§ Action item
Please print the entries below exactly, from the line with "#89=ADVANCED_FACE('F89',(#88),#63,.F.);" through the line with "#104=VECTOR('',#103,1.);", including both of those lines and leaving out all others.

§ Supplied material
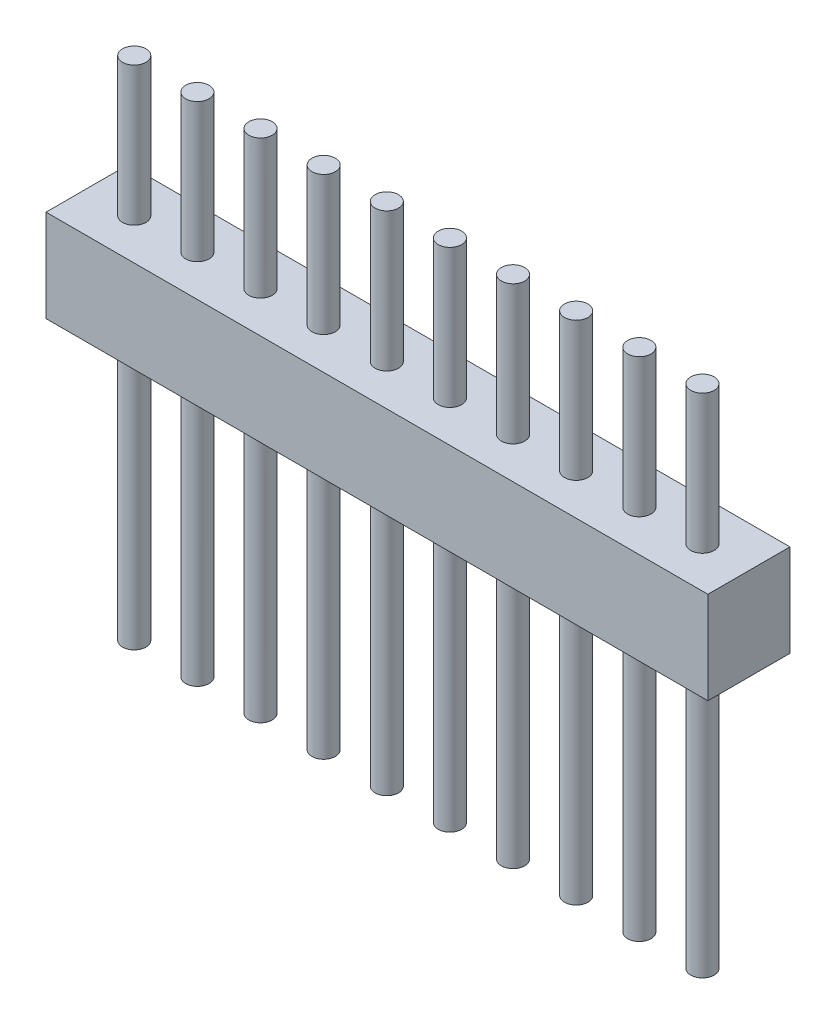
ISO-10303-21;
HEADER;
FILE_DESCRIPTION(('STEP AP214'),'2;1');
FILE_NAME('part.step','',(''),(''),'','','');
FILE_SCHEMA(('AUTOMOTIVE_DESIGN { 1 0 10303 214 1 1 1 1 }'));
ENDSEC;
DATA;
#1=APPLICATION_CONTEXT('core data for automotive mechanical design processes');
#2=APPLICATION_PROTOCOL_DEFINITION('international standard','automotive_design',2000,#1);
#3=PRODUCT_CONTEXT('',#1,'mechanical');
#4=PRODUCT('Part','Part','',(#3));
#5=PRODUCT_RELATED_PRODUCT_CATEGORY('part','',(#4));
#6=PRODUCT_DEFINITION_FORMATION('','',#4);
#7=PRODUCT_DEFINITION_CONTEXT('part definition',#1,'design');
#8=PRODUCT_DEFINITION('design','',#6,#7);
#9=PRODUCT_DEFINITION_SHAPE('','',#8);
#10=(LENGTH_UNIT() NAMED_UNIT(*) SI_UNIT(.MILLI.,.METRE.));
#11=(NAMED_UNIT(*) PLANE_ANGLE_UNIT() SI_UNIT($,.RADIAN.));
#12=(NAMED_UNIT(*) SI_UNIT($,.STERADIAN.) SOLID_ANGLE_UNIT());
#13=UNCERTAINTY_MEASURE_WITH_UNIT(LENGTH_MEASURE(1.E-05),#10,'distance_accuracy_value','');
#14=(GEOMETRIC_REPRESENTATION_CONTEXT(3) GLOBAL_UNCERTAINTY_ASSIGNED_CONTEXT((#13)) GLOBAL_UNIT_ASSIGNED_CONTEXT((#10,
#11,#12)) REPRESENTATION_CONTEXT('',''));
#15=CARTESIAN_POINT('',(0.,0.,0.));
#16=DIRECTION('',(0.,0.,1.));
#17=DIRECTION('',(1.,0.,0.));
#18=AXIS2_PLACEMENT_3D('',#15,#16,#17);
#19=CARTESIAN_POINT('',(0.,2.6,0.));
#20=DIRECTION('',(1.,0.,0.));
#21=DIRECTION('',(0.,0.,-1.));
#22=AXIS2_PLACEMENT_3D('',#19,#20,#21);
#23=PLANE('',#22);
#24=DIRECTION('',(0.,0.,1.));
#25=VECTOR('',#24,1.);
#26=CARTESIAN_POINT('',(0.,0.,0.));
#27=LINE('',#26,#25);
#28=CARTESIAN_POINT('',(0.,0.,-2.314));
#29=VERTEX_POINT('',#28);
#30=CARTESIAN_POINT('',(0.,0.,0.));
#31=VERTEX_POINT('',#30);
#32=EDGE_CURVE('E100',#29,#31,#27,.T.);
#33=ORIENTED_EDGE('',*,*,#32,.T.);
#34=DIRECTION('',(0.,-1.,0.));
#35=VECTOR('',#34,1.);
#36=CARTESIAN_POINT('',(0.,2.6,0.));
#37=LINE('',#36,#35);
#38=CARTESIAN_POINT('',(0.,2.6,0.));
#39=VERTEX_POINT('',#38);
#40=EDGE_CURVE('E91',#39,#31,#37,.T.);
#41=ORIENTED_EDGE('',*,*,#40,.F.);
#42=DIRECTION('',(0.,0.,1.));
#43=VECTOR('',#42,1.);
#44=CARTESIAN_POINT('',(0.,2.6,0.));
#45=LINE('',#44,#43);
#46=CARTESIAN_POINT('',(0.,2.6,-2.314));
#47=VERTEX_POINT('',#46);
#48=EDGE_CURVE('E85',#47,#39,#45,.T.);
#49=ORIENTED_EDGE('',*,*,#48,.F.);
#50=DIRECTION('',(0.,-1.,0.));
#51=VECTOR('',#50,1.);
#52=CARTESIAN_POINT('',(0.,2.6,-2.314));
#53=LINE('',#52,#51);
#54=EDGE_CURVE('E96',#47,#29,#53,.T.);
#55=ORIENTED_EDGE('',*,*,#54,.T.);
#56=EDGE_LOOP('',(#33,#41,#49,#55));
#57=FACE_BOUND('',#56,.T.);
#58=ADVANCED_FACE('F33',(#57),#23,.F.);
#59=CARTESIAN_POINT('',(0.,2.6,0.));
#60=DIRECTION('',(0.,0.,-1.));
#61=DIRECTION('',(-1.,0.,0.));
#62=AXIS2_PLACEMENT_3D('',#59,#60,#61);
#63=PLANE('',#62);
#64=DIRECTION('',(1.,0.,0.));
#65=VECTOR('',#64,1.);
#66=CARTESIAN_POINT('',(0.,0.,0.));
#67=LINE('',#66,#65);
#68=CARTESIAN_POINT('',(18.66,0.,0.));
#69=VERTEX_POINT('',#68);
#70=EDGE_CURVE('E90',#31,#69,#67,.T.);
#71=ORIENTED_EDGE('',*,*,#70,.T.);
#72=DIRECTION('',(0.,-1.,0.));
#73=VECTOR('',#72,1.);
#74=CARTESIAN_POINT('',(18.66,2.6,0.));
#75=LINE('',#74,#73);
#76=CARTESIAN_POINT('',(18.66,2.6,0.));
#77=VERTEX_POINT('',#76);
#78=EDGE_CURVE('E88',#77,#69,#75,.T.);
#79=ORIENTED_EDGE('',*,*,#78,.F.);
#80=DIRECTION('',(1.,0.,0.));
#81=VECTOR('',#80,1.);
#82=CARTESIAN_POINT('',(0.,2.6,0.));
#83=LINE('',#82,#81);
#84=EDGE_CURVE('E80',#39,#77,#83,.T.);
#85=ORIENTED_EDGE('',*,*,#84,.F.);
#86=ORIENTED_EDGE('',*,*,#40,.T.);
#87=EDGE_LOOP('',(#71,#79,#85,#86));
#88=FACE_BOUND('',#87,.T.);
#89=ADVANCED_FACE('F89',(#88),#63,.F.);
#90=CARTESIAN_POINT('',(18.66,2.6,0.));
#91=DIRECTION('',(-1.,0.,0.));
#92=DIRECTION('',(0.,0.,1.));
#93=AXIS2_PLACEMENT_3D('',#90,#91,#92);
#94=PLANE('',#93);
#95=DIRECTION('',(0.,0.,-1.));
#96=VECTOR('',#95,1.);
#97=CARTESIAN_POINT('',(18.66,0.,0.));
#98=LINE('',#97,#96);
#99=CARTESIAN_POINT('',(18.66,0.,-2.314));
#100=VERTEX_POINT('',#99);
#101=EDGE_CURVE('E66',#69,#100,#98,.T.);
#102=ORIENTED_EDGE('',*,*,#101,.T.);
#103=DIRECTION('',(0.,-1.,0.));
#104=VECTOR('',#103,1.);
#105=CARTESIAN_POINT('',(18.66,2.6,-2.314));
#106=LINE('',#105,#104);
#107=CARTESIAN_POINT('',(18.66,2.6,-2.314));
#108=VERTEX_POINT('',#107);
#109=EDGE_CURVE('E92',#108,#100,#106,.T.);
#110=ORIENTED_EDGE('',*,*,#109,.F.);
#111=DIRECTION('',(0.,0.,-1.));
#112=VECTOR('',#111,1.);
#113=CARTESIAN_POINT('',(18.66,2.6,0.));
#114=LINE('',#113,#112);
#115=EDGE_CURVE('E83',#77,#108,#114,.T.);
#116=ORIENTED_EDGE('',*,*,#115,.F.);
#117=ORIENTED_EDGE('',*,*,#78,.T.);
#118=EDGE_LOOP('',(#102,#110,#116,#117));
#119=FACE_BOUND('',#118,.T.);
#120=ADVANCED_FACE('F94',(#119),#94,.F.);
#121=CARTESIAN_POINT('',(0.,2.6,-2.314));
#122=DIRECTION('',(0.,0.,1.));
#123=DIRECTION('',(1.,0.,0.));
#124=AXIS2_PLACEMENT_3D('',#121,#122,#123);
#125=PLANE('',#124);
#126=DIRECTION('',(-1.,0.,0.));
#127=VECTOR('',#126,1.);
#128=CARTESIAN_POINT('',(0.,0.,-2.314));
#129=LINE('',#128,#127);
#130=EDGE_CURVE('E72',#100,#29,#129,.T.);
#131=ORIENTED_EDGE('',*,*,#130,.T.);
#132=ORIENTED_EDGE('',*,*,#54,.F.);
#133=DIRECTION('',(-1.,0.,0.));
#134=VECTOR('',#133,1.);
#135=CARTESIAN_POINT('',(0.,2.6,-2.314));
#136=LINE('',#135,#134);
#137=EDGE_CURVE('E49',#108,#47,#136,.T.);
#138=ORIENTED_EDGE('',*,*,#137,.F.);
#139=ORIENTED_EDGE('',*,*,#109,.T.);
#140=EDGE_LOOP('',(#131,#132,#138,#139));
#141=FACE_BOUND('',#140,.T.);
#142=ADVANCED_FACE('F163',(#141),#125,.F.);
#143=CARTESIAN_POINT('',(0.,2.6,0.));
#144=DIRECTION('',(0.,-1.,0.));
#145=DIRECTION('',(0.,0.,-1.));
#146=AXIS2_PLACEMENT_3D('',#143,#144,#145);
#147=PLANE('',#146);
#148=CARTESIAN_POINT('',(17.35,2.6,-1.157));
#149=DIRECTION('',(0.,-1.,0.));
#150=DIRECTION('',(0.,0.,-1.));
#151=AXIS2_PLACEMENT_3D('',#148,#149,#150);
#152=CIRCLE('',#151,0.33);
#153=CARTESIAN_POINT('',(17.35,2.6,-1.487));
#154=VERTEX_POINT('',#153);
#155=EDGE_CURVE('E596',#154,#154,#152,.T.);
#156=ORIENTED_EDGE('',*,*,#155,.T.);
#157=EDGE_LOOP('',(#156));
#158=FACE_BOUND('',#157,.T.);
#159=CARTESIAN_POINT('',(15.57,2.6,-1.157));
#160=DIRECTION('',(0.,-1.,0.));
#161=DIRECTION('',(0.,0.,-1.));
#162=AXIS2_PLACEMENT_3D('',#159,#160,#161);
#163=CIRCLE('',#162,0.33);
#164=CARTESIAN_POINT('',(15.57,2.6,-1.487));
#165=VERTEX_POINT('',#164);
#166=EDGE_CURVE('E607',#165,#165,#163,.T.);
#167=ORIENTED_EDGE('',*,*,#166,.T.);
#168=EDGE_LOOP('',(#167));
#169=FACE_BOUND('',#168,.T.);
#170=CARTESIAN_POINT('',(13.79,2.6,-1.157));
#171=DIRECTION('',(0.,-1.,0.));
#172=DIRECTION('',(0.,0.,-1.));
#173=AXIS2_PLACEMENT_3D('',#170,#171,#172);
#174=CIRCLE('',#173,0.33);
#175=CARTESIAN_POINT('',(13.79,2.6,-1.487));
#176=VERTEX_POINT('',#175);
#177=EDGE_CURVE('E616',#176,#176,#174,.T.);
#178=ORIENTED_EDGE('',*,*,#177,.T.);
#179=EDGE_LOOP('',(#178));
#180=FACE_BOUND('',#179,.T.);
#181=CARTESIAN_POINT('',(12.01,2.6,-1.157));
#182=DIRECTION('',(0.,-1.,0.));
#183=DIRECTION('',(0.,0.,-1.));
#184=AXIS2_PLACEMENT_3D('',#181,#182,#183);
#185=CIRCLE('',#184,0.33);
#186=CARTESIAN_POINT('',(12.01,2.6,-1.487));
#187=VERTEX_POINT('',#186);
#188=EDGE_CURVE('E625',#187,#187,#185,.T.);
#189=ORIENTED_EDGE('',*,*,#188,.T.);
#190=EDGE_LOOP('',(#189));
#191=FACE_BOUND('',#190,.T.);
#192=CARTESIAN_POINT('',(10.23,2.6,-1.157));
#193=DIRECTION('',(0.,-1.,0.));
#194=DIRECTION('',(0.,0.,-1.));
#195=AXIS2_PLACEMENT_3D('',#192,#193,#194);
#196=CIRCLE('',#195,0.33);
#197=CARTESIAN_POINT('',(10.23,2.6,-1.487));
#198=VERTEX_POINT('',#197);
#199=EDGE_CURVE('E634',#198,#198,#196,.T.);
#200=ORIENTED_EDGE('',*,*,#199,.T.);
#201=EDGE_LOOP('',(#200));
#202=FACE_BOUND('',#201,.T.);
#203=CARTESIAN_POINT('',(8.45,2.6,-1.157));
#204=DIRECTION('',(0.,-1.,0.));
#205=DIRECTION('',(0.,0.,-1.));
#206=AXIS2_PLACEMENT_3D('',#203,#204,#205);
#207=CIRCLE('',#206,0.33);
#208=CARTESIAN_POINT('',(8.45,2.6,-1.487));
#209=VERTEX_POINT('',#208);
#210=EDGE_CURVE('E643',#209,#209,#207,.T.);
#211=ORIENTED_EDGE('',*,*,#210,.T.);
#212=EDGE_LOOP('',(#211));
#213=FACE_BOUND('',#212,.T.);
#214=CARTESIAN_POINT('',(6.67,2.6,-1.157));
#215=DIRECTION('',(0.,-1.,0.));
#216=DIRECTION('',(0.,0.,-1.));
#217=AXIS2_PLACEMENT_3D('',#214,#215,#216);
#218=CIRCLE('',#217,0.33);
#219=CARTESIAN_POINT('',(6.67,2.6,-1.487));
#220=VERTEX_POINT('',#219);
#221=EDGE_CURVE('E652',#220,#220,#218,.T.);
#222=ORIENTED_EDGE('',*,*,#221,.T.);
#223=EDGE_LOOP('',(#222));
#224=FACE_BOUND('',#223,.T.);
#225=CARTESIAN_POINT('',(4.89,2.6,-1.157));
#226=DIRECTION('',(0.,-1.,0.));
#227=DIRECTION('',(0.,0.,-1.));
#228=AXIS2_PLACEMENT_3D('',#225,#226,#227);
#229=CIRCLE('',#228,0.33);
#230=CARTESIAN_POINT('',(4.89,2.6,-1.487));
#231=VERTEX_POINT('',#230);
#232=EDGE_CURVE('E661',#231,#231,#229,.T.);
#233=ORIENTED_EDGE('',*,*,#232,.T.);
#234=EDGE_LOOP('',(#233));
#235=FACE_BOUND('',#234,.T.);
#236=CARTESIAN_POINT('',(3.11,2.6,-1.157));
#237=DIRECTION('',(0.,-1.,0.));
#238=DIRECTION('',(0.,0.,-1.));
#239=AXIS2_PLACEMENT_3D('',#236,#237,#238);
#240=CIRCLE('',#239,0.33);
#241=CARTESIAN_POINT('',(3.11,2.6,-1.487));
#242=VERTEX_POINT('',#241);
#243=EDGE_CURVE('E670',#242,#242,#240,.T.);
#244=ORIENTED_EDGE('',*,*,#243,.T.);
#245=EDGE_LOOP('',(#244));
#246=FACE_BOUND('',#245,.T.);
#247=CARTESIAN_POINT('',(1.33,2.6,-1.157));
#248=DIRECTION('',(0.,-1.,0.));
#249=DIRECTION('',(0.,0.,-1.));
#250=AXIS2_PLACEMENT_3D('',#247,#248,#249);
#251=CIRCLE('',#250,0.33);
#252=CARTESIAN_POINT('',(1.33,2.6,-1.487));
#253=VERTEX_POINT('',#252);
#254=EDGE_CURVE('E103',#253,#253,#251,.T.);
#255=ORIENTED_EDGE('',*,*,#254,.T.);
#256=EDGE_LOOP('',(#255));
#257=FACE_BOUND('',#256,.T.);
#258=ORIENTED_EDGE('',*,*,#48,.T.);
#259=ORIENTED_EDGE('',*,*,#84,.T.);
#260=ORIENTED_EDGE('',*,*,#115,.T.);
#261=ORIENTED_EDGE('',*,*,#137,.T.);
#262=EDGE_LOOP('',(#258,#259,#260,#261));
#263=FACE_BOUND('',#262,.T.);
#264=ADVANCED_FACE('F81',(#158,#169,#180,#191,#202,#213,#224,#235,#246,#257,#263),#147,.F.);
#265=CARTESIAN_POINT('',(0.,0.,0.));
#266=DIRECTION('',(0.,-1.,0.));
#267=DIRECTION('',(0.,0.,-1.));
#268=AXIS2_PLACEMENT_3D('',#265,#266,#267);
#269=PLANE('',#268);
#270=CARTESIAN_POINT('',(17.35,0.,-1.157));
#271=DIRECTION('',(0.,-1.,0.));
#272=DIRECTION('',(0.,0.,-1.));
#273=AXIS2_PLACEMENT_3D('',#270,#271,#272);
#274=CIRCLE('',#273,0.33);
#275=CARTESIAN_POINT('',(17.35,0.,-1.487));
#276=VERTEX_POINT('',#275);
#277=EDGE_CURVE('E11',#276,#276,#274,.T.);
#278=ORIENTED_EDGE('',*,*,#277,.F.);
#279=EDGE_LOOP('',(#278));
#280=FACE_BOUND('',#279,.T.);
#281=CARTESIAN_POINT('',(15.57,0.,-1.157));
#282=DIRECTION('',(0.,-1.,0.));
#283=DIRECTION('',(0.,0.,-1.));
#284=AXIS2_PLACEMENT_3D('',#281,#282,#283);
#285=CIRCLE('',#284,0.33);
#286=CARTESIAN_POINT('',(15.57,0.,-1.487));
#287=VERTEX_POINT('',#286);
#288=EDGE_CURVE('E41',#287,#287,#285,.T.);
#289=ORIENTED_EDGE('',*,*,#288,.F.);
#290=EDGE_LOOP('',(#289));
#291=FACE_BOUND('',#290,.T.);
#292=CARTESIAN_POINT('',(13.79,0.,-1.157));
#293=DIRECTION('',(0.,-1.,0.));
#294=DIRECTION('',(0.,0.,-1.));
#295=AXIS2_PLACEMENT_3D('',#292,#293,#294);
#296=CIRCLE('',#295,0.33);
#297=CARTESIAN_POINT('',(13.79,0.,-1.487));
#298=VERTEX_POINT('',#297);
#299=EDGE_CURVE('E131',#298,#298,#296,.T.);
#300=ORIENTED_EDGE('',*,*,#299,.F.);
#301=EDGE_LOOP('',(#300));
#302=FACE_BOUND('',#301,.T.);
#303=CARTESIAN_POINT('',(12.01,0.,-1.157));
#304=DIRECTION('',(0.,-1.,0.));
#305=DIRECTION('',(0.,0.,-1.));
#306=AXIS2_PLACEMENT_3D('',#303,#304,#305);
#307=CIRCLE('',#306,0.33);
#308=CARTESIAN_POINT('',(12.01,0.,-1.487));
#309=VERTEX_POINT('',#308);
#310=EDGE_CURVE('E128',#309,#309,#307,.T.);
#311=ORIENTED_EDGE('',*,*,#310,.F.);
#312=EDGE_LOOP('',(#311));
#313=FACE_BOUND('',#312,.T.);
#314=CARTESIAN_POINT('',(10.23,0.,-1.157));
#315=DIRECTION('',(0.,-1.,0.));
#316=DIRECTION('',(0.,0.,-1.));
#317=AXIS2_PLACEMENT_3D('',#314,#315,#316);
#318=CIRCLE('',#317,0.33);
#319=CARTESIAN_POINT('',(10.23,0.,-1.487));
#320=VERTEX_POINT('',#319);
#321=EDGE_CURVE('E125',#320,#320,#318,.T.);
#322=ORIENTED_EDGE('',*,*,#321,.F.);
#323=EDGE_LOOP('',(#322));
#324=FACE_BOUND('',#323,.T.);
#325=CARTESIAN_POINT('',(8.45,0.,-1.157));
#326=DIRECTION('',(0.,-1.,0.));
#327=DIRECTION('',(0.,0.,-1.));
#328=AXIS2_PLACEMENT_3D('',#325,#326,#327);
#329=CIRCLE('',#328,0.33);
#330=CARTESIAN_POINT('',(8.45,0.,-1.487));
#331=VERTEX_POINT('',#330);
#332=EDGE_CURVE('E122',#331,#331,#329,.T.);
#333=ORIENTED_EDGE('',*,*,#332,.F.);
#334=EDGE_LOOP('',(#333));
#335=FACE_BOUND('',#334,.T.);
#336=CARTESIAN_POINT('',(6.67,0.,-1.157));
#337=DIRECTION('',(0.,-1.,0.));
#338=DIRECTION('',(0.,0.,-1.));
#339=AXIS2_PLACEMENT_3D('',#336,#337,#338);
#340=CIRCLE('',#339,0.33);
#341=CARTESIAN_POINT('',(6.67,0.,-1.487));
#342=VERTEX_POINT('',#341);
#343=EDGE_CURVE('E119',#342,#342,#340,.T.);
#344=ORIENTED_EDGE('',*,*,#343,.F.);
#345=EDGE_LOOP('',(#344));
#346=FACE_BOUND('',#345,.T.);
#347=CARTESIAN_POINT('',(4.89,0.,-1.157));
#348=DIRECTION('',(0.,-1.,0.));
#349=DIRECTION('',(0.,0.,-1.));
#350=AXIS2_PLACEMENT_3D('',#347,#348,#349);
#351=CIRCLE('',#350,0.33);
#352=CARTESIAN_POINT('',(4.89,0.,-1.487));
#353=VERTEX_POINT('',#352);
#354=EDGE_CURVE('E116',#353,#353,#351,.T.);
#355=ORIENTED_EDGE('',*,*,#354,.F.);
#356=EDGE_LOOP('',(#355));
#357=FACE_BOUND('',#356,.T.);
#358=CARTESIAN_POINT('',(3.11,0.,-1.157));
#359=DIRECTION('',(0.,-1.,0.));
#360=DIRECTION('',(0.,0.,-1.));
#361=AXIS2_PLACEMENT_3D('',#358,#359,#360);
#362=CIRCLE('',#361,0.33);
#363=CARTESIAN_POINT('',(3.11,0.,-1.487));
#364=VERTEX_POINT('',#363);
#365=EDGE_CURVE('E113',#364,#364,#362,.T.);
#366=ORIENTED_EDGE('',*,*,#365,.F.);
#367=EDGE_LOOP('',(#366));
#368=FACE_BOUND('',#367,.T.);
#369=CARTESIAN_POINT('',(1.33,0.,-1.157));
#370=DIRECTION('',(0.,-1.,0.));
#371=DIRECTION('',(0.,0.,-1.));
#372=AXIS2_PLACEMENT_3D('',#369,#370,#371);
#373=CIRCLE('',#372,0.33);
#374=CARTESIAN_POINT('',(1.33,0.,-1.487));
#375=VERTEX_POINT('',#374);
#376=EDGE_CURVE('E110',#375,#375,#373,.T.);
#377=ORIENTED_EDGE('',*,*,#376,.F.);
#378=EDGE_LOOP('',(#377));
#379=FACE_BOUND('',#378,.T.);
#380=ORIENTED_EDGE('',*,*,#32,.F.);
#381=ORIENTED_EDGE('',*,*,#130,.F.);
#382=ORIENTED_EDGE('',*,*,#101,.F.);
#383=ORIENTED_EDGE('',*,*,#70,.F.);
#384=EDGE_LOOP('',(#380,#381,#382,#383));
#385=FACE_BOUND('',#384,.T.);
#386=ADVANCED_FACE('F139',(#280,#291,#302,#313,#324,#335,#346,#357,#368,#379,#385),#269,.T.);
#387=CARTESIAN_POINT('',(1.33,-7.77,-1.157));
#388=DIRECTION('',(0.,1.,0.));
#389=DIRECTION('',(0.,0.,1.));
#390=AXIS2_PLACEMENT_3D('',#387,#388,#389);
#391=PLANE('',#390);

§ Solution
#89=ADVANCED_FACE('F89',(#88),#63,.F.);
#90=CARTESIAN_POINT('',(18.66,2.6,0.));
#91=DIRECTION('',(-1.,0.,0.));
#92=DIRECTION('',(0.,0.,1.));
#93=AXIS2_PLACEMENT_3D('',#90,#91,#92);
#94=PLANE('',#93);
#95=DIRECTION('',(0.,0.,-1.));
#96=VECTOR('',#95,1.);
#97=CARTESIAN_POINT('',(18.66,0.,0.));
#98=LINE('',#97,#96);
#99=CARTESIAN_POINT('',(18.66,0.,-2.314));
#100=VERTEX_POINT('',#99);
#101=EDGE_CURVE('E66',#69,#100,#98,.T.);
#102=ORIENTED_EDGE('',*,*,#101,.T.);
#103=DIRECTION('',(0.,-1.,0.));
#104=VECTOR('',#103,1.);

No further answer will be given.